─── RECORDED DATA

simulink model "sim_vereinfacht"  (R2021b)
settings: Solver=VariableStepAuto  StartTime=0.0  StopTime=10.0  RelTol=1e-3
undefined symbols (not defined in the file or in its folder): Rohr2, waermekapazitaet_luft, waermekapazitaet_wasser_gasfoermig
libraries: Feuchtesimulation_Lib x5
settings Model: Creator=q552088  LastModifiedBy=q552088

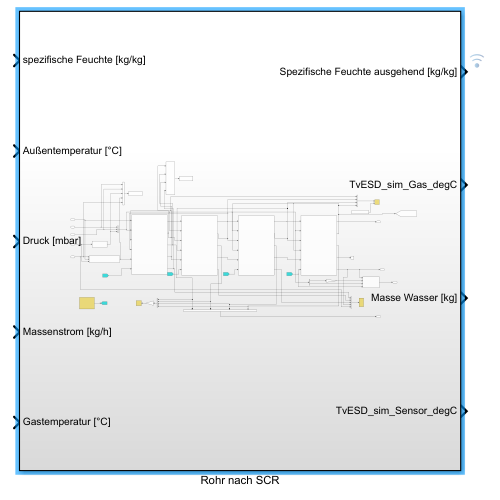
[thumbnail: Simulink's stored preview of the top-level diagram]
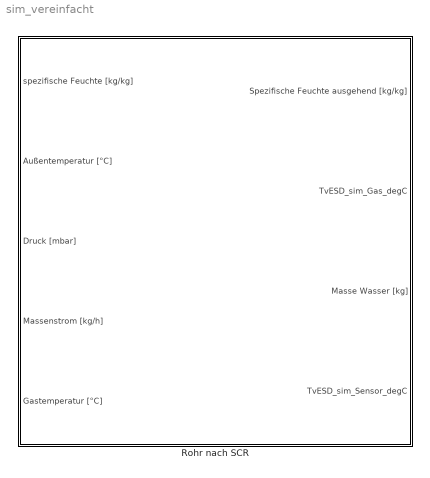
== system sim_vereinfacht ==
  Rohr nach SCR : Subsystem

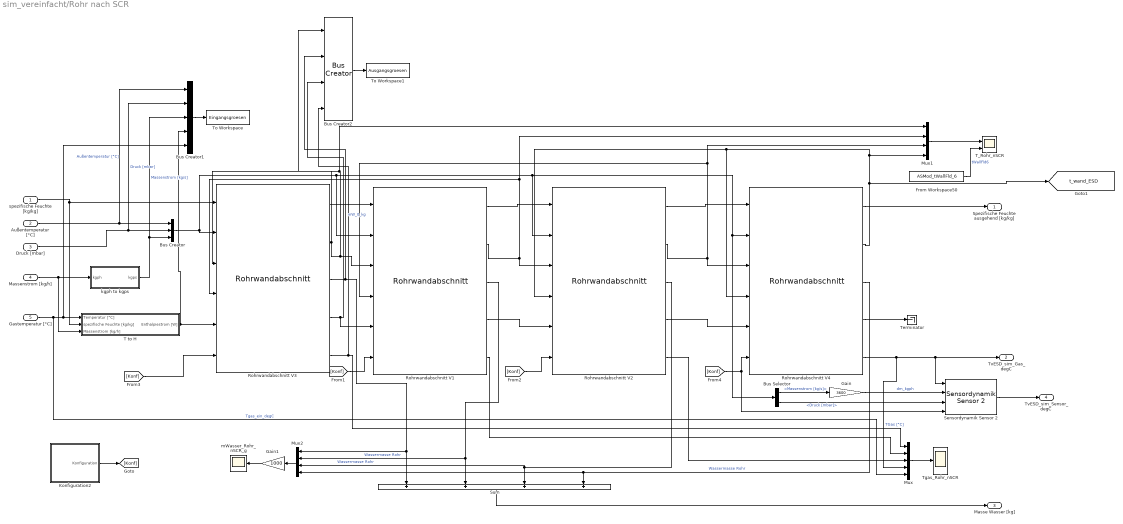
== system sim_vereinfacht/Rohr nach SCR ==
  spezifische Feuchte [kg/kg] : Inport
  Außentemperatur [°C] : Inport  Port=2
  Druck [mbar] : Inport  Port=3
  Massenstrom [kg/h] : Inport  Port=4
  Gastemperatur [°C] : Inport  Port=5
  Bus Creator : BusCreator  Inputs=3
  Bus Creator1 : BusCreator  Inputs=5
  Bus Creator2 : BusCreator  Inputs=4
  Bus Selector : BusSelector  OutputSignals=Massenstrom [kg/s],Druck [mbar]
  From Workspace50 : FromWorkspace  VariableName=ASMod_tWallFld_6  OutputAfterFinalValue=Holding final value
  Gain : Gain  Gain=3600
  Gain1 : Gain  Gain=1000
  Konfiguration2 : Subsystem
  Mux : Mux  Inputs=5
  Mux1 : Mux
  Mux2 : Mux
  Rohrwandabschnitt V{1..4} (4 alike) : Feuchtesimulation_Lib/Rohrwandabschnitt  SystemSampleTime=-1  VariantActivationTime=update diagram  Latency=0  AutoFrameSizeCalculation=off
  Sensordynamik Sensor 2 : Feuchtesimulation_Lib/Sensordynamik Sensor 2  SystemSampleTime=-1  VariantActivationTime=update diagram  Latency=0  AutoFrameSizeCalculation=off
  Sum : Sum  Inputs=++++
  T to H : Subsystem
  T_Rohr_nSCR : Scope  NumInputPorts=2
  Terminator : Terminator
  Tgas_Rohr_nSCR : Scope
  To Workspace : ToWorkspace  VariableName=Eingangsgroesen  SaveFormat=Structure With Time  SampleTime=-1
  To Workspace1 : ToWorkspace  VariableName=Ausgangsgroesen  SaveFormat=Structure With Time  SampleTime=-1
  kgph to kgps : Subsystem
  mWasser_Rohr_nSCR_g : Scope
  Spezifische Feuchte ausgehend [kg/kg] : Outport  VectorParamsAs1DForOutWhenUnconnected=off
  TvESD_sim_Gas_degC : Outport  Port=2  VectorParamsAs1DForOutWhenUnconnected=off
  Masse Wasser [kg] : Outport  Port=3  VectorParamsAs1DForOutWhenUnconnected=off
  TvESD_sim_Sensor_degC : Outport  Port=4  VectorParamsAs1DForOutWhenUnconnected=off
  tag scope: t_wand_ESD=global
  wires:
  spezifische Feuchte [kg/kg]/1 -> Rohrwandabschnitt V3/1, T to H/2(spezifische Feuchte [kg/kg])
  Massenstrom [kg/h]/1 -> T to H/3(Massenstrom [kg/h]), kgph to kgps/1(kgph)
  Konfiguration2/1(Konfiguration) -> [Konf]
  Gastemperatur [°C]/1 -> T to H/1(Temperatur [°C]), Bus Creator1/5, Mux/5  "Tgas_ein_degC"
  Rohrwandabschnitt V3/1 -> Rohrwandabschnitt V1/1
  Rohrwandabschnitt V1/1 -> Rohrwandabschnitt V2/1
  Rohrwandabschnitt V2/1 -> Rohrwandabschnitt V4/1
  Rohrwandabschnitt V3/4 -> Bus Creator2/3, Rohrwandabschnitt V1/5
  Rohrwandabschnitt V1/4 -> Rohrwandabschnitt V2/5
  Rohrwandabschnitt V2/4 -> Rohrwandabschnitt V4/5
  [Konf] -> Rohrwandabschnitt V1/6
  [Konf] -> Rohrwandabschnitt V2/6
  [Konf] -> Rohrwandabschnitt V3/6
  Außentemperatur [°C]/1 -> Bus Creator1/1, Bus Creator/1  "Außentemperatur [°C]"
  kgph to kgps/1(kgps) -> Bus Creator/3, Bus Creator1/3  "Massenstrom [kg/s]"
  Druck [mbar]/1 -> Bus Creator/2, Bus Creator1/2  "Druck [mbar]"
  T to H/1(Enthalpiestrom [W]) -> Bus Creator1/4, Rohrwandabschnitt V3/5
  Rohrwandabschnitt V3/2 -> Bus Creator2/1, Mux1/1, Rohrwandabschnitt V3/3, Rohrwandabschnitt V1/3
  Rohrwandabschnitt V1/2 -> Mux1/2, Rohrwandabschnitt V3/4, Rohrwandabschnitt V2/3
  Rohrwandabschnitt V2/2 -> Mux1/3, Rohrwandabschnitt V1/4, Rohrwandabschnitt V4/3
  Rohrwandabschnitt V4/2 -> [t_wand_ESD], Mux1/4, Rohrwandabschnitt V4/4, Rohrwandabschnitt V2/4
  Rohrwandabschnitt V4/1 -> Spezifische Feuchte ausgehend [kg/kg]/1
  Rohrwandabschnitt V3/3 -> Bus Creator2/2, Sum/1, Mux2/1  "mW_0_kg"
  Rohrwandabschnitt V1/3 -> Mux2/2, Sum/2  "Wassermasse Rohr"
  Rohrwandabschnitt V2/3 -> Sum/3, Mux2/3  "Wassermasse Rohr"
  Rohrwandabschnitt V4/3 -> Mux2/4, Sum/4  "Wassermasse Rohr"
  Sum/1 -> Masse Wasser [kg]/1
  Rohrwandabschnitt V2/5 -> Mux/3
  Rohrwandabschnitt V3/5 -> Bus Creator2/4, Mux/1
  Rohrwandabschnitt V1/5 -> Mux/2
  Mux/1 -> Tgas_Rohr_nSCR/1
  Rohrwandabschnitt V4/5 -> Mux/4, Sensordynamik Sensor 2/1, TvESD_sim_Gas_degC/1  "TGas [°C]"
  Mux1/1 -> T_Rohr_nSCR/1
  Rohrwandabschnitt V4/4 -> Terminator/1
  From Workspace50/1 -> T_Rohr_nSCR/2  "tWallFld6"
  [Konf] -> Sensordynamik Sensor 2/4, Rohrwandabschnitt V4/6
  Bus Selector/2 -> Sensordynamik Sensor 2/3  "<Druck [mbar]>"
  Bus Selector/1 -> Gain/1  "<Massenstrom [kg/s]>"
  Gain/1 -> Sensordynamik Sensor 2/2  "dm_kgph"
  Sensordynamik Sensor 2/1 -> TvESD_sim_Sensor_degC/1
  Bus Creator/1 -> Rohrwandabschnitt V1/2, Rohrwandabschnitt V2/2, Bus Selector/1, Rohrwandabschnitt V4/2, Rohrwandabschnitt V3/2
  Gain1/1 -> mWasser_Rohr_nSCR_g/1
  Mux2/1 -> Gain1/1
  Bus Creator1/1 -> To Workspace/1
  Bus Creator2/1 -> To Workspace1/1

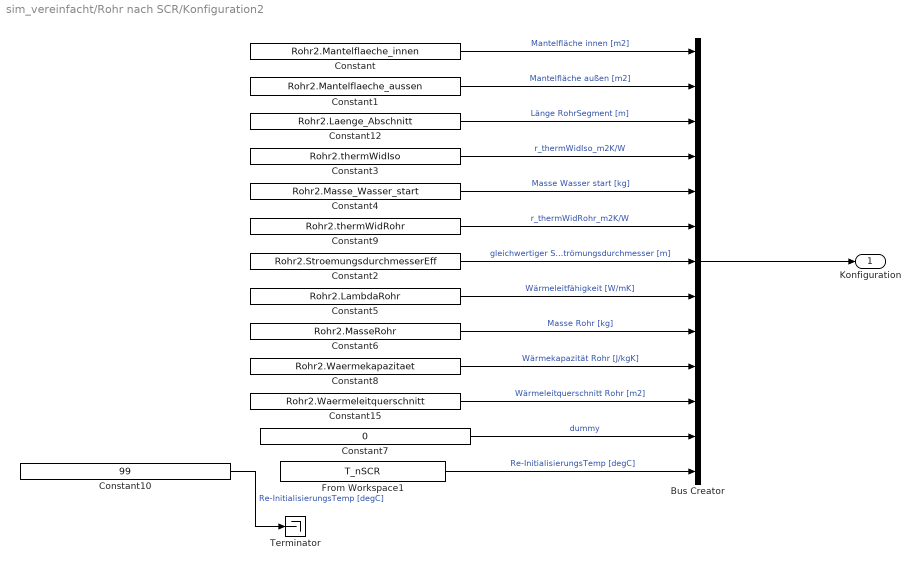
== system sim_vereinfacht/Rohr nach SCR/Konfiguration2 ==
  Bus Creator : BusCreator  Inputs=13
  Constant : Constant  Value=Rohr2.Mantelflaeche_innen
  Constant1 : Constant  Value=Rohr2.Mantelflaeche_aussen
  Constant10 : Constant  Value=99
  Constant12 : Constant  Value=Rohr2.Laenge_Abschnitt
  Constant15 : Constant  Value=Rohr2.Waermeleitquerschnitt
  Constant2 : Constant  Value=Rohr2.StroemungsdurchmesserEff
  Constant3 : Constant  Value=Rohr2.thermWidIso
  Constant4 : Constant  Value=Rohr2.Masse_Wasser_start
  Constant5 : Constant  Value=Rohr2.LambdaRohr
  Constant6 : Constant  Value=Rohr2.MasseRohr
  Constant7 : Constant  Value=0
  Constant8 : Constant  Value=Rohr2.Waermekapazitaet
  Constant9 : Constant  Value=Rohr2.thermWidRohr
  From Workspace1 : FromWorkspace  VariableName=T_nSCR
  Terminator : Terminator
  Konfiguration : Outport  VectorParamsAs1DForOutWhenUnconnected=off
  wires:
  Bus Creator/1 -> Konfiguration/1
  Constant/1 -> Bus Creator/1  "Mantelfläche innen [m2]"
  Constant1/1 -> Bus Creator/2  "Mantelfläche außen [m2]"
  Constant4/1 -> Bus Creator/5  "Masse Wasser start [kg]"
  Constant12/1 -> Bus Creator/3  "Länge RohrSegment [m]"
  Constant15/1 -> Bus Creator/11  "Wärmeleitquerschnitt Rohr [m2]"
  Constant2/1 -> Bus Creator/7  "gleichwertiger Strömungsdurchmesser [m]"
  Constant5/1 -> Bus Creator/8  "Wärmeleitfähigkeit [W/mK]"
  Constant6/1 -> Bus Creator/9  "Masse Rohr [kg]"
  Constant8/1 -> Bus Creator/10  "Wärmekapazität Rohr [J/kgK]"
  From Workspace1/1 -> Bus Creator/13  "Re-InitialisierungsTemp [degC]"
  Constant3/1 -> Bus Creator/4  "r_thermWidIso_m2K/W"
  Constant9/1 -> Bus Creator/6  "r_thermWidRohr_m2K/W"
  Constant7/1 -> Bus Creator/12  "dummy"
  Constant10/1 -> Terminator/1  "Re-InitialisierungsTemp [degC]"

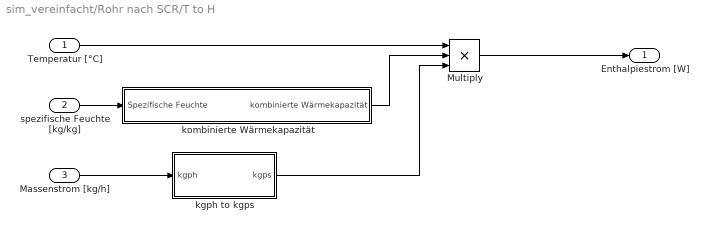
== system sim_vereinfacht/Rohr nach SCR/T to H ==
  Temperatur [°C] : Inport
  spezifische Feuchte [kg/kg] : Inport  Port=2
  Massenstrom [kg/h] : Inport  Port=3
  Multiply : Product  Inputs=3
  kgph to kgps : Subsystem
  kombinierte Wärmekapazität : Subsystem
  Enthalpiestrom [W] : Outport  VectorParamsAs1DForOutWhenUnconnected=off
  wires:
  Massenstrom [kg/h]/1 -> kgph to kgps/1(kgph)
  Temperatur [°C]/1 -> Multiply/1
  spezifische Feuchte [kg/kg]/1 -> kombinierte Wärmekapazität/1(Spezifische Feuchte)
  Multiply/1 -> Enthalpiestrom [W]/1
  kombinierte Wärmekapazität/1(kombinierte Wärmekapazität) -> Multiply/2
  kgph to kgps/1(kgps) -> Multiply/3

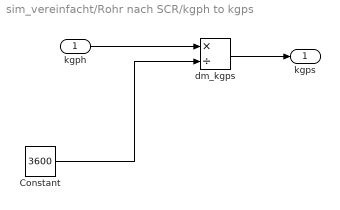
== system sim_vereinfacht/Rohr nach SCR/kgph to kgps ==
  kgph : Inport
  Constant : Constant  Value=3600
  dm_kgps : Product  Inputs=*/
  kgps : Outport  VectorParamsAs1DForOutWhenUnconnected=off
  wires:
  dm_kgps/1 -> kgps/1
  kgph/1 -> dm_kgps/1
  Constant/1 -> dm_kgps/2

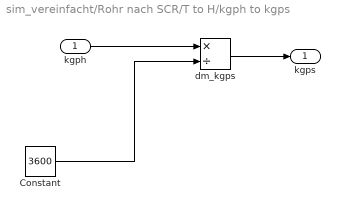
== system sim_vereinfacht/Rohr nach SCR/T to H/kgph to kgps ==
  kgph : Inport
  Constant : Constant  Value=3600
  dm_kgps : Product  Inputs=*/
  kgps : Outport  VectorParamsAs1DForOutWhenUnconnected=off
  wires:
  dm_kgps/1 -> kgps/1
  kgph/1 -> dm_kgps/1
  Constant/1 -> dm_kgps/2

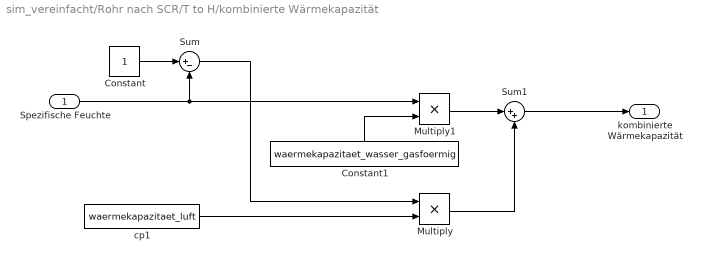
== system sim_vereinfacht/Rohr nach SCR/T to H/kombinierte Wärmekapazität ==
  Spezifische Feuchte : Inport
  Constant : Constant
  Constant1 : Constant  Value=waermekapazitaet_wasser_gasfoermig
  Multiply : Product
  Multiply1 : Product
  Sum : Sum  Inputs=|+-
  Sum1 : Sum  Inputs=|++
  cp1 : Constant  Value=waermekapazitaet_luft
  kombinierte Wärmekapazität : Outport  VectorParamsAs1DForOutWhenUnconnected=off
  wires:
  Multiply/1 -> Sum1/2
  Sum/1 -> Multiply/1
  Constant/1 -> Sum/1
  Spezifische Feuchte/1 -> Sum/2, Multiply1/1
  Constant1/1 -> Multiply1/2
  cp1/1 -> Multiply/2
  Multiply1/1 -> Sum1/1
  Sum1/1 -> kombinierte Wärmekapazität/1

──────

WHAT YOU WILL DO – Copy out each line of the data above, exactly, if it lies between the line holding "Rohrwandabschnitt V1/2 ->" and the line holding "Rohrwandabschnitt V3/3 ->", inclusive; copy no other line.

THE ANSWER –
  Rohrwandabschnitt V1/2 -> Mux1/2, Rohrwandabschnitt V3/4, Rohrwandabschnitt V2/3
  Rohrwandabschnitt V2/2 -> Mux1/3, Rohrwandabschnitt V1/4, Rohrwandabschnitt V4/3
  Rohrwandabschnitt V4/2 -> [t_wand_ESD], Mux1/4, Rohrwandabschnitt V4/4, Rohrwandabschnitt V2/4
  Rohrwandabschnitt V4/1 -> Spezifische Feuchte ausgehend [kg/kg]/1
  Rohrwandabschnitt V3/3 -> Bus Creator2/2, Sum/1, Mux2/1  "mW_0_kg"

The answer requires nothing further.